Take, for example, a person who lives in a part of the city where 80% of the population is below the poverty level. If that man goes out and tries to get an education and get a high-paying job to get out of poverty, his community shuns him because he's no longer fitting in with the rest of the people he's long called family and friends. Sure, he's perfectly capable of earning the money, but to do so he has to give up everything that's important to him. We should not be surprised then when he finds himself desperate to make ends meet, robbing a convenience store for twenty bucks. It's not the life he chose, but rather the life that his society chose for him.

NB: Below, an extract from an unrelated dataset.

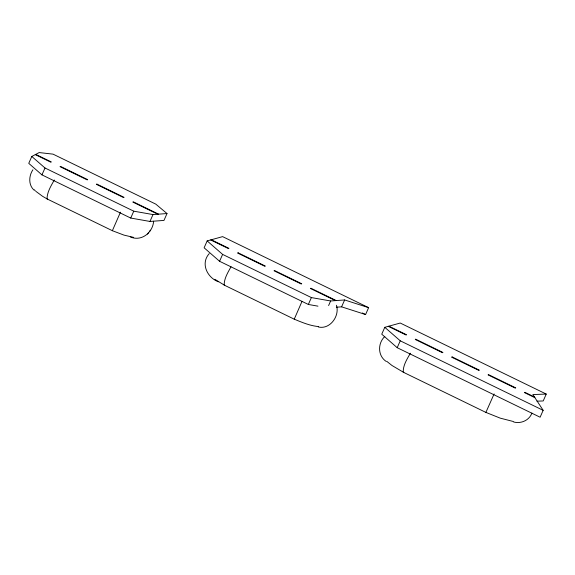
<?xml version="1.0" encoding="UTF-8"?>
<svg xmlns="http://www.w3.org/2000/svg" width="575" height="575" viewBox="0 0 575 575"><rect width="100%" height="100%" fill="white"/><g stroke="black" fill="none" stroke-linecap="round" stroke-linejoin="round"><path stroke-width="0.86" d="M153.618 221.238C152.849 232.537 141.522 241.802 130.367 236.958M133.63 237.389L123.999 235.118L112.362 230.697L120.462 212.189M494.098 393.954L485.889 412.404L500.2 418.133L513.338 421.511M31.798 156.472L28.75 163.35L41.946 174.872L130.719 218.054L149.96 221.447L163.968 220.426L167.023 213.548L155.789 204.125L53.044 154.143L39.165 152.562L31.798 156.472L45.001 167.993L133.767 211.176L153.015 214.568L167.023 213.548M41.946 174.872L45.001 167.993M130.719 218.054L133.767 211.176M149.96 221.447L153.015 214.568M336.339 307.215L341.593 306.834L365.578 314.539L368.625 307.661L222.611 236.627L207.165 240.911L204.118 247.789L219.571 261.28L308.344 304.463L317.961 306.159M219.571 261.28L222.618 254.402L207.165 240.911M308.344 304.463L311.391 297.584L330.639 300.977L344.641 299.956L368.625 307.661M328.605 305.562L330.639 300.977M341.593 306.834L344.641 299.956M546.25 394.069L400.229 323.035L384.79 327.319L381.743 334.197L397.196 347.695L540.112 417.22L543.159 410.334L532.867 394.558L546.25 394.069L543.202 400.955L536.957 401.177M397.196 347.695L400.243 340.81L384.79 327.319M302.04 301.314L294.242 319.175C302.04 322.395 310.033 325.788 318.507 326.578M32.89 169.798C28.822 175.813 28.276 184.827 33.932 190.045M531.925 413.073C529.216 420.426 521.051 423.962 513.633 421.993M54.287 179.997C51.06 185.826 47.078 192.086 47.028 198.914L112.413 230.719M231.021 266.764C227.937 272.406 224.092 278.494 224.171 285.085L294.242 319.175M410.385 353.23C407.086 359.001 402.967 365.355 403.24 372.198L485.875 412.397M209.257 253.604C200.352 263.357 207.101 277.581 218.363 281.772M147.452 234.09L148.551 232.674M149.327 231.646L150.449 230.201M384.79 336.483C377.696 343.225 377.617 355.573 386.019 361.33M318.313 326.967C330.1 329.798 339.918 315.876 336.461 305.253M362.351 312.973L365.578 314.539M35.751 154.373L51.297 161.934L50.823 162.186L35.283 154.625M158.643 214.159L133.278 201.818L132.803 202.069L157.787 214.216M211.291 239.768L228.922 248.342L228.447 248.594L210.658 239.94M336.267 300.567L310.902 288.226L310.428 288.478L335.405 300.624M388.916 326.176L406.547 334.751L406.072 335.002L388.283 326.348M534.441 396.973L524.918 392.337L524.45 392.588L534.894 397.67M222.618 254.402L311.391 297.584M400.243 340.81L543.159 410.334M403.837 372.492L391.949 365.47L386.723 361.308M224.717 285.351L214.827 279.306M47.56 199.173L42.564 196.291L35.966 191.417M34.443 189.8L35.348 190.907M60.49 166.405L60.016 166.657L87.22 179.889L87.695 179.637L60.49 166.405M96.88 184.108L96.413 184.359L123.618 197.599L124.085 197.347L96.88 184.108M238.115 252.813L237.64 253.065L264.845 266.297L265.319 266.053L238.115 252.813M274.505 270.523L274.038 270.768L301.235 284.007L301.71 283.755L274.505 270.523M415.739 339.221L415.265 339.473L442.47 352.712L442.937 352.461L415.739 339.221M452.13 356.931L451.662 357.183L478.86 370.415L479.334 370.163L452.13 356.931M488.527 374.634L488.053 374.886L515.258 388.118L515.732 387.866L488.527 374.634"/></g></svg>

That doesn't excuse the crime, but it does explain to us why it occurs and why mere criminal prosecution is powerless to prevent it.
Now take the same man, and assume he's always been absolutely unwilling to commit a crime, but because of his poverty he lives in a very run-down, disgusting to upper-class tastes, HUD housing project. The city comes along and sees the project as something driving people away from downtown, and in an effort to beautify the city and revitalize downtown, they tear down the project and let a private company build high-income townhouses. The man's entire life is now displaced, because he can't afford to live where he has for his life, and the new projects further north of town don't have the business infrastructure to hire him or provide him with any money. This is a man that society has not only completely abandoned, but completely frustrated, because he is utterly powerless to change his situation.
What you start to see is that people aren't in control of their own lives. Control is something we imagine for ourselves, but in reality all of society controls us - builds us into an image that it desires. Society desires the downfall of pop stars, it desires the rise of new celebrities, it desires those who don't fit neatly within its many images to be hidden so as not to offend the delicate tastes of everyone else.
And it will always do so.
My new philosophy on life has become this: There's too much suffering in life, so wherever it's possible to eliminate suffering, we should do so. It's a view that no man is an island, that we're all interconnected and responsible for each other. And it's a view that means I can never be a Republican again.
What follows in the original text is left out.